The good news, Kudela said, is that scientists now have a much better understanding of the factors that lead to Pseudo-nitzschia blooms. His lab has developed a forecasting model that has performed well at predicting where and when domoic acid will be a problem.

A combination of warm water and nutrients creates ideal conditions for a toxic bloom of Pseudo-nitzschia, Kudela said. That's a relatively uncommon combination along the west coast, where wind-driven upwelling of cold deep water is a major source of nutrients in coastal ecosystems. When there's no upwelling of cold water, the layer of warm water on the surface tends to be low in nutrients. Pseudo-nitzschia blooms typically occur during the transitional periods in the spring and fall, when upwelling is getting started or winding down and nutrients mix with warm water for a few weeks.

Warm blob

In 2015, however, the usual patterns were disrupted by a warm-water anomaly known as the "warm blob," which first appeared in the North Pacific west of Seattle in late 2013. In 2014, a second warm blob developed off of southern California, and in 2015 they spread into the coastal waters. "We had two pools of warm water hitting the coast in the Pacific Northwest and southern California and merging, so all at once there were warm waters over the whole west coast," Kudela said.
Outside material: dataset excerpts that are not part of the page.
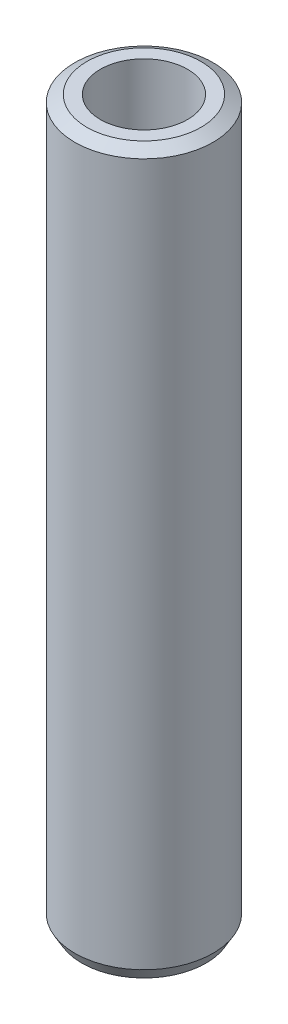
SolidWorks part; units mm, degrees
ref_plane "Front Plane" through (0, 0, 0) normal (0, 0, 1) x (1, 0, 0)
ref_plane "Top Plane" through (0, 0, 0) normal (0, 1, 0) x (1, 0, 0)
ref_plane "Right Plane" through (0, 0, 0) normal (1, 0, 0) x (0, 0, -1)
sketch "Sketch1" plane through (0, 0, 0) normal (0, 1, 0) x (1, 0, 0)
  circle A0 centre (0, 0) radius 57.5
  dimension "SHAFT_OD" = 115
extrude "Boss-Extrude1" add sketch "Sketch1" along normal blind 600
sketch "Sketch2" plane through (0, 0, 0) normal (0, 1, 0) x (1, 0, 0)
  circle A0 centre (0, 0) radius 36.2742
  dimension "BORE_D" = 72.5485
extrude "Cut-Extrude1" cut sketch "Sketch2" along normal through all
chamfer "Chamfer1" distance 5.7904 angle 60 2 edges at (0, 600, 57.5) (0, 0, 57.5) first distance on face at (0, 600, 57.5) first distance on face at (0, 0, 36.2742)
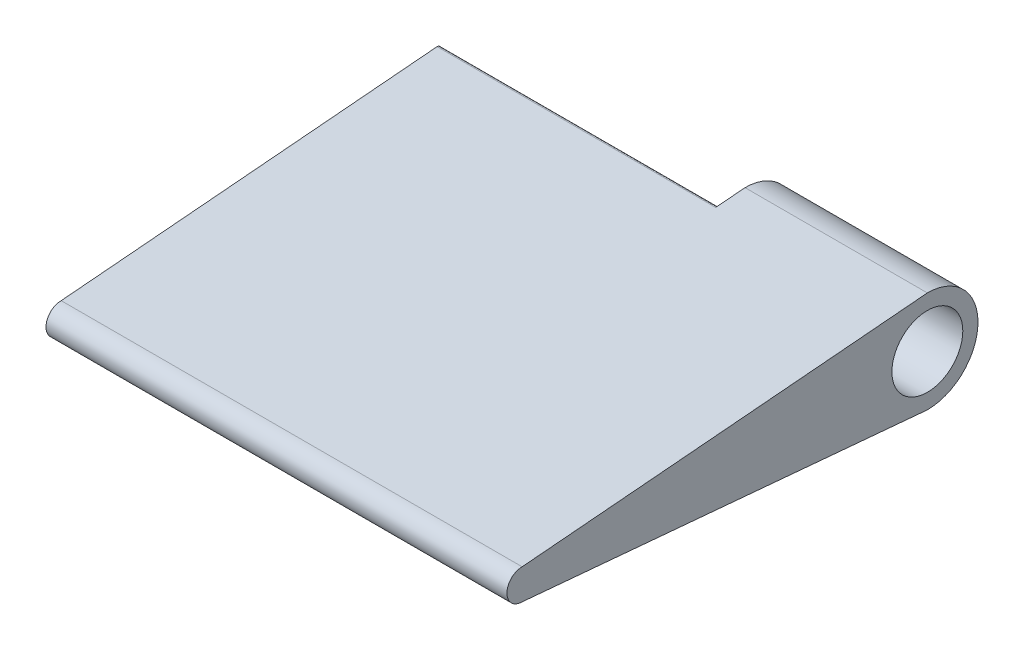
SolidWorks part; units mm, degrees
ref_plane "Front Plane" through (0, 0, 0) normal (0, 0, 1) x (1, 0, 0)
ref_plane "Top Plane" through (0, 0, 0) normal (0, 1, 0) x (1, 0, 0)
ref_plane "Right Plane" through (0, 0, 0) normal (1, 0, 0) x (0, 0, -1)
sketch "Sketch1" plane through (0, 0, 0) normal (1, 0, 0) x (0, 0, -1)
  line L0 (-40, 1.5892) -> (0, 5)
  line L1 (-40, -1.4108) -> (0, -5)
  circle A0 centre (0, 0) radius 5
  circle A1 centre (0, 0) radius 3.5
  circle A2 centre (-40, 0.0892) radius 1.5
  dimension "D1" = 10
  dimension "D2" = 7
  dimension "D3" = 3
  dimension "D4" = 40
extrude "Boss-Extrude1" add sketch "Sketch1" against normal blind 27.5 contours A2 L1 A0 L0 | A2 region at (0, 0.0423, 18.6183)
extrude "Boss-Extrude2" add sketch "Sketch1<3>" along normal blind 18 contours A2 | A2 L1 A0 L0 | L0 A0 L1 A1 region at (0, 0.0423, 18.6183) region at (0, 0.0892, 40) region at (0, 4.823, 0.4113)
sketch "Sketch1<3>" plane through (0, 0, 0) normal (1, 0, 0) x (0, 0, -1) same geometry as "Sketch1"
fillet "Fillet1" radius 0.3 2 edges at (-13.75, -4.9201, 0.8901) (-13.75, 4.9278, 0.8466)
sketch "Sketch2" plane through (0, 0, 0) normal (0, 0, 1) x (1, 0, 0)
  line L0 (-27.5, -1.5378) -> (-9.5, -1.5378)
  line L1 (-27.5, -1.4108) -> (-27.5, -4.7378) construction
  line L2 (-9.5, -1.5378) -> (-9.5, -6.987)
  line L3 (-9.5, -6.987) -> (-27.5, -6.987)
  line L4 (-27.5, -6.987) -> (-27.5, -1.5378)
  line L5 (-27.5, -4.7378) -> (0, -4.7378) construction
  dimension "D1" = 18
  dimension "D2" = 3.2
extrude "Cut-Extrude2" cut sketch "Sketch2" along normal blind 48
sketch "Sketch3" plane through (0, -4.9601, 0.4451) normal (0, -0.996, 0.0894) x (1, 0, 0)
  line L8 (-27.5, 38.2936) -> (-9.5, 38.2936)
  line L9 (-9.5, 38.2936) -> (-9.5, 2.4875)
  line L10 (-9.5, 2.4875) -> (0, 2.4875)
  line L11 (0, 2.4875) -> (0, -0.4469)
  line L12 (0, -0.4469) -> (18, -0.4469)
  line L13 (18, -0.4469) -> (18, 39.7139)
  line L14 (18, 39.7139) -> (-27.5, 39.7139)
  line L15 (-27.5, 39.7139) -> (-27.5, 38.2936)
  line L16 (-27.5, 38.2936) -> (-9.5, 38.2936)
  line L17 (-9.5, 38.2936) -> (-9.5, 2.4875)
  line L18 (-9.5, 2.4875) -> (0, 2.4875)
  line L19 (0, 2.4875) -> (0, -0.4469)
  line L20 (0, -0.4469) -> (18, -0.4469)
  line L21 (18, -0.4469) -> (18, 39.7139)
  line L22 (18, 39.7139) -> (-27.5, 39.7139)
  line L23 (-27.5, 39.7139) -> (-27.5, 38.2936)
  dimension "D2" = 18
  dimension "D3" = 45.5
  dimension "D1" = 0
ref_plane "Plane1" through (0, 0, -10) normal (0, 0, 1) x (1, 0, 0)
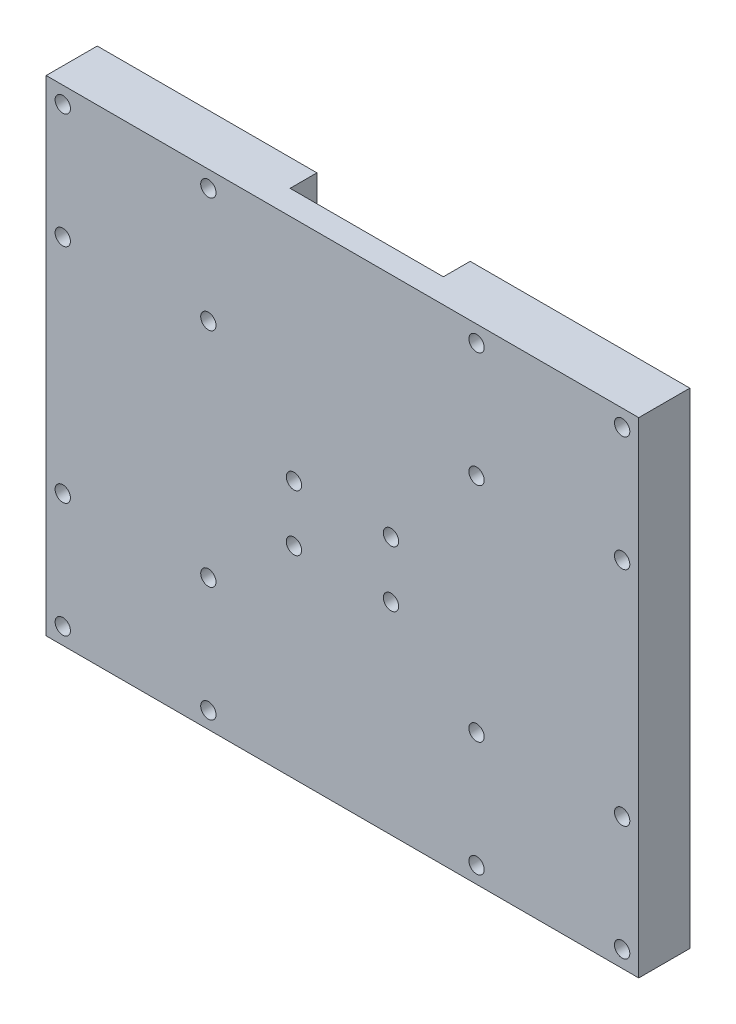
SolidWorks part; units mm, degrees
ref_plane "Piano frontale" through (0, 0, 0) normal (0, 0, 1) x (1, 0, 0)
ref_plane "Piano superiore" through (0, 0, 0) normal (0, 1, 0) x (1, 0, 0)
ref_plane "Piano destro" through (0, 0, 0) normal (1, 0, 0) x (0, 0, -1)
sketch "Schizzo1" plane through (0, 0, 0) normal (0, 0, 1) x (1, 0, 0)
  line L1 (116, -95) -> (-116, -95)
  line L2 (116, -95) -> (116, 95)
  line L3 (116, 95) -> (-116, 95)
  line L4 (-116, -95) -> (-116, 95)
  line L5 (116, -95) -> (-116, 95) construction
  line L6 (116, 95) -> (-116, -95) construction
  point P0 (0, 0)
  dimension "D1" = 232
  dimension "D2" = 190
extrude "Estrusione-Estrusione1" add sketch "Schizzo1" along normal blind 20
sketch "Schizzo3" plane through (0, 0, 20) normal (0, 0, 1) x (1, 0, 0)
  circle A8 centre (19, 6) radius 3
  circle A9 centre (-19, 6) radius 3
  circle A10 centre (-19, -16) radius 3
  circle A11 centre (19, -16) radius 3
  circle A14 centre (-109.5, 88.5) radius 3
  circle A15 centre (-52.5, 88.5) radius 3
  circle A18 centre (-109.5, 43.5) radius 3
  circle A19 centre (-52.5, 43.5) radius 3
  circle A24 centre (-109.5, -88.5) radius 3
  circle A25 centre (-109.5, -43.5) radius 3
  circle A26 centre (-52.5, -88.5) radius 3
  circle A27 centre (-52.5, -43.5) radius 3
extrude "Taglio-Estrusione1" cut sketch "Schizzo3" against normal through all
sketch "Schizzo4" plane through (0, 95, 0) normal (0, 1, 0) x (1, 0, 0)
  line L0 (116, 0) -> (-116, 0) construction
  line L1 (30, 0) -> (-30, 0)
  line L2 (30, 0) -> (30, -10.5)
  line L3 (30, -10.5) -> (-30, -10.5)
  line L4 (-30, 0) -> (-30, -10.5)
  dimension "D1" = 10.5
extrude "Taglio-Estrusione2" cut sketch "Schizzo4" against normal through all
mirror "Specchia1" about plane through (0, 0, 0) normal (1, 0, 0) of "Taglio-Estrusione1"

That warm water then interacted with coastal upwelling to create perfect conditions for Pseudo-nitzschia. Normally, the northerly winds that start in the spring blow the warm surface waters offshore, driving the upwelling of cold deep water and creating a regime of cold, nutrient-rich coastal waters that lasts until fall. In 2015, weak upwelling provided periodic injections of nutrients, but every time the upwelling got started the warm blob pushed back onto the coast.

The result was a record-breaking toxic algae bloom that started in April and lasted into early October. The size of the bloom was also unprecedented, extending from Santa Barbara to Alaska. Even in December, water samples were still occasionally showing up with domoic acid, Kudela said. "We think it's just moving offshore, and each time conditions are right it comes back in to the coast," he said. "Once a series of big winter storms comes through, that's when we'll see it go away until the following spring."

Now the big question is what the impact of El Niño will be in 2016, because El Niño also brings warm water conditions that can favor toxic algae blooms. Most of the warm water along the California coast in 2015 was from the warm blob, although El Niño probably began contributing to it later in the summer. Historically, El Niño periods have been associated with larger than normal blooms of Pseudo-nitzschia, Kudela said.

"The predictions are for this El Niño to be as strong as the one in 1997-98, when the warm water lasted through 1998. So we could be looking at a big bloom again next year," he said.